Content starts
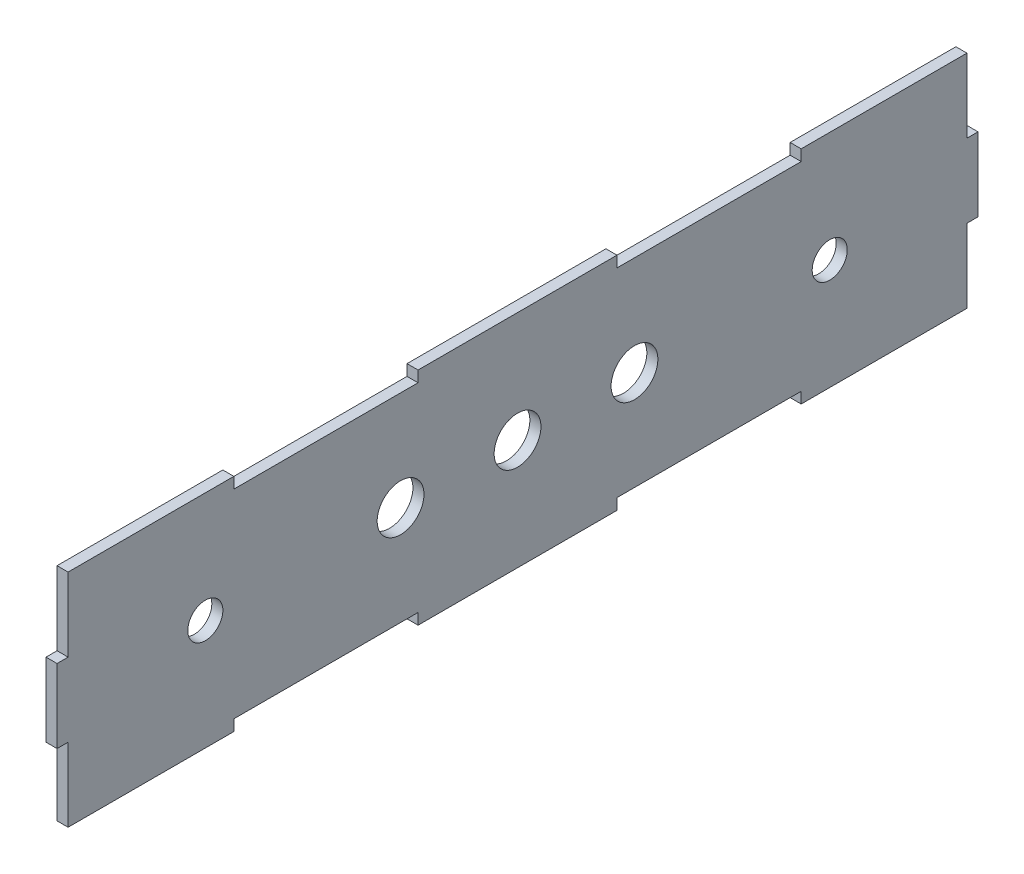
ISO-10303-21;
HEADER;
FILE_DESCRIPTION(('STEP AP214'),'2;1');
FILE_NAME('part.step','',(''),(''),'','','');
FILE_SCHEMA(('AUTOMOTIVE_DESIGN { 1 0 10303 214 1 1 1 1 }'));
ENDSEC;
DATA;
#1=APPLICATION_CONTEXT('core data for automotive mechanical design processes');
#2=APPLICATION_PROTOCOL_DEFINITION('international standard','automotive_design',2000,#1);
#3=PRODUCT_CONTEXT('',#1,'mechanical');
#4=PRODUCT('Part','Part','',(#3));
#5=PRODUCT_RELATED_PRODUCT_CATEGORY('part','',(#4));
#6=PRODUCT_DEFINITION_FORMATION('','',#4);
#7=PRODUCT_DEFINITION_CONTEXT('part definition',#1,'design');
#8=PRODUCT_DEFINITION('design','',#6,#7);
#9=PRODUCT_DEFINITION_SHAPE('','',#8);
#10=(LENGTH_UNIT() NAMED_UNIT(*) SI_UNIT(.MILLI.,.METRE.));
#11=(NAMED_UNIT(*) PLANE_ANGLE_UNIT() SI_UNIT($,.RADIAN.));
#12=(NAMED_UNIT(*) SI_UNIT($,.STERADIAN.) SOLID_ANGLE_UNIT());
#13=UNCERTAINTY_MEASURE_WITH_UNIT(LENGTH_MEASURE(1.E-05),#10,'distance_accuracy_value','');
#14=(GEOMETRIC_REPRESENTATION_CONTEXT(3) GLOBAL_UNCERTAINTY_ASSIGNED_CONTEXT((#13)) GLOBAL_UNIT_ASSIGNED_CONTEXT((#10,
#11,#12)) REPRESENTATION_CONTEXT('',''));
#15=CARTESIAN_POINT('',(0.,0.,0.));
#16=DIRECTION('',(0.,0.,1.));
#17=DIRECTION('',(1.,0.,0.));
#18=AXIS2_PLACEMENT_3D('',#15,#16,#17);
#19=CARTESIAN_POINT('',(3.,0.,27.));
#20=DIRECTION('',(0.,0.,-1.));
#21=DIRECTION('',(-1.,0.,0.));
#22=AXIS2_PLACEMENT_3D('',#19,#20,#21);
#23=PLANE('',#22);
#24=DIRECTION('',(0.,-1.,0.));
#25=VECTOR('',#24,1.);
#26=CARTESIAN_POINT('',(0.,0.,27.));
#27=LINE('',#26,#25);
#28=CARTESIAN_POINT('',(0.,-27.,27.));
#29=VERTEX_POINT('',#28);
#30=CARTESIAN_POINT('',(0.,-30.,27.));
#31=VERTEX_POINT('',#30);
#32=EDGE_CURVE('E262',#29,#31,#27,.T.);
#33=ORIENTED_EDGE('',*,*,#32,.T.);
#34=DIRECTION('',(-1.,0.,0.));
#35=VECTOR('',#34,1.);
#36=CARTESIAN_POINT('',(3.,-30.,27.));
#37=LINE('',#36,#35);
#38=CARTESIAN_POINT('',(3.,-30.,27.));
#39=VERTEX_POINT('',#38);
#40=EDGE_CURVE('E11',#39,#31,#37,.T.);
#41=ORIENTED_EDGE('',*,*,#40,.F.);
#42=DIRECTION('',(0.,-1.,0.));
#43=VECTOR('',#42,1.);
#44=CARTESIAN_POINT('',(3.,0.,27.));
#45=LINE('',#44,#43);
#46=CARTESIAN_POINT('',(3.,-27.,27.));
#47=VERTEX_POINT('',#46);
#48=EDGE_CURVE('E362',#47,#39,#45,.T.);
#49=ORIENTED_EDGE('',*,*,#48,.F.);
#50=DIRECTION('',(-1.,0.,0.));
#51=VECTOR('',#50,1.);
#52=CARTESIAN_POINT('',(3.,-27.,27.));
#53=LINE('',#52,#51);
#54=EDGE_CURVE('E258',#47,#29,#53,.T.);
#55=ORIENTED_EDGE('',*,*,#54,.T.);
#56=EDGE_LOOP('',(#33,#41,#49,#55));
#57=FACE_BOUND('',#56,.T.);
#58=ADVANCED_FACE('F41',(#57),#23,.F.);
#59=CARTESIAN_POINT('',(3.,-30.,0.));
#60=DIRECTION('',(0.,1.,0.));
#61=DIRECTION('',(0.,0.,1.));
#62=AXIS2_PLACEMENT_3D('',#59,#60,#61);
#63=PLANE('',#62);
#64=DIRECTION('',(0.,0.,-1.));
#65=VECTOR('',#64,1.);
#66=CARTESIAN_POINT('',(0.,-30.,0.));
#67=LINE('',#66,#65);
#68=CARTESIAN_POINT('',(0.,-30.,-27.));
#69=VERTEX_POINT('',#68);
#70=EDGE_CURVE('E266',#31,#69,#67,.T.);
#71=ORIENTED_EDGE('',*,*,#70,.T.);
#72=DIRECTION('',(-1.,0.,0.));
#73=VECTOR('',#72,1.);
#74=CARTESIAN_POINT('',(3.,-30.,-27.));
#75=LINE('',#74,#73);
#76=CARTESIAN_POINT('',(3.,-30.,-27.));
#77=VERTEX_POINT('',#76);
#78=EDGE_CURVE('E50',#77,#69,#75,.T.);
#79=ORIENTED_EDGE('',*,*,#78,.F.);
#80=DIRECTION('',(0.,0.,-1.));
#81=VECTOR('',#80,1.);
#82=CARTESIAN_POINT('',(3.,-30.,0.));
#83=LINE('',#82,#81);
#84=EDGE_CURVE('E161',#39,#77,#83,.T.);
#85=ORIENTED_EDGE('',*,*,#84,.F.);
#86=ORIENTED_EDGE('',*,*,#40,.T.);
#87=EDGE_LOOP('',(#71,#79,#85,#86));
#88=FACE_BOUND('',#87,.T.);
#89=ADVANCED_FACE('F568',(#88),#63,.F.);
#90=CARTESIAN_POINT('',(3.,0.,-27.));
#91=DIRECTION('',(0.,0.,1.));
#92=DIRECTION('',(1.,0.,0.));
#93=AXIS2_PLACEMENT_3D('',#90,#91,#92);
#94=PLANE('',#93);
#95=DIRECTION('',(0.,1.,0.));
#96=VECTOR('',#95,1.);
#97=CARTESIAN_POINT('',(0.,0.,-27.));
#98=LINE('',#97,#96);
#99=CARTESIAN_POINT('',(0.,-27.,-27.));
#100=VERTEX_POINT('',#99);
#101=EDGE_CURVE('E270',#69,#100,#98,.T.);
#102=ORIENTED_EDGE('',*,*,#101,.T.);
#103=DIRECTION('',(-1.,0.,0.));
#104=VECTOR('',#103,1.);
#105=CARTESIAN_POINT('',(3.,-27.,-27.));
#106=LINE('',#105,#104);
#107=CARTESIAN_POINT('',(3.,-27.,-27.));
#108=VERTEX_POINT('',#107);
#109=EDGE_CURVE('E436',#108,#100,#106,.T.);
#110=ORIENTED_EDGE('',*,*,#109,.F.);
#111=DIRECTION('',(0.,1.,0.));
#112=VECTOR('',#111,1.);
#113=CARTESIAN_POINT('',(3.,0.,-27.));
#114=LINE('',#113,#112);
#115=EDGE_CURVE('E446',#77,#108,#114,.T.);
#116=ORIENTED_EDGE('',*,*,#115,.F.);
Content ends
*Task to complete*
The line containing "#78=EDGE_CURVE('E50',#77,#69,#75,.T.);" marks the start. Reproduce it and all lines after it through the end of the listing, exactly and alone.

*Task output*
#78=EDGE_CURVE('E50',#77,#69,#75,.T.);
#79=ORIENTED_EDGE('',*,*,#78,.F.);
#80=DIRECTION('',(0.,0.,-1.));
#81=VECTOR('',#80,1.);
#82=CARTESIAN_POINT('',(3.,-30.,0.));
#83=LINE('',#82,#81);
#84=EDGE_CURVE('E161',#39,#77,#83,.T.);
#85=ORIENTED_EDGE('',*,*,#84,.F.);
#86=ORIENTED_EDGE('',*,*,#40,.T.);
#87=EDGE_LOOP('',(#71,#79,#85,#86));
#88=FACE_BOUND('',#87,.T.);
#89=ADVANCED_FACE('F568',(#88),#63,.F.);
#90=CARTESIAN_POINT('',(3.,0.,-27.));
#91=DIRECTION('',(0.,0.,1.));
#92=DIRECTION('',(1.,0.,0.));
#93=AXIS2_PLACEMENT_3D('',#90,#91,#92);
#94=PLANE('',#93);
#95=DIRECTION('',(0.,1.,0.));
#96=VECTOR('',#95,1.);
#97=CARTESIAN_POINT('',(0.,0.,-27.));
#98=LINE('',#97,#96);
#99=CARTESIAN_POINT('',(0.,-27.,-27.));
#100=VERTEX_POINT('',#99);
#101=EDGE_CURVE('E270',#69,#100,#98,.T.);
#102=ORIENTED_EDGE('',*,*,#101,.T.);
#103=DIRECTION('',(-1.,0.,0.));
#104=VECTOR('',#103,1.);
#105=CARTESIAN_POINT('',(3.,-27.,-27.));
#106=LINE('',#105,#104);
#107=CARTESIAN_POINT('',(3.,-27.,-27.));
#108=VERTEX_POINT('',#107);
#109=EDGE_CURVE('E436',#108,#100,#106,.T.);
#110=ORIENTED_EDGE('',*,*,#109,.F.);
#111=DIRECTION('',(0.,1.,0.));
#112=VECTOR('',#111,1.);
#113=CARTESIAN_POINT('',(3.,0.,-27.));
#114=LINE('',#113,#112);
#115=EDGE_CURVE('E446',#77,#108,#114,.T.);
#116=ORIENTED_EDGE('',*,*,#115,.F.);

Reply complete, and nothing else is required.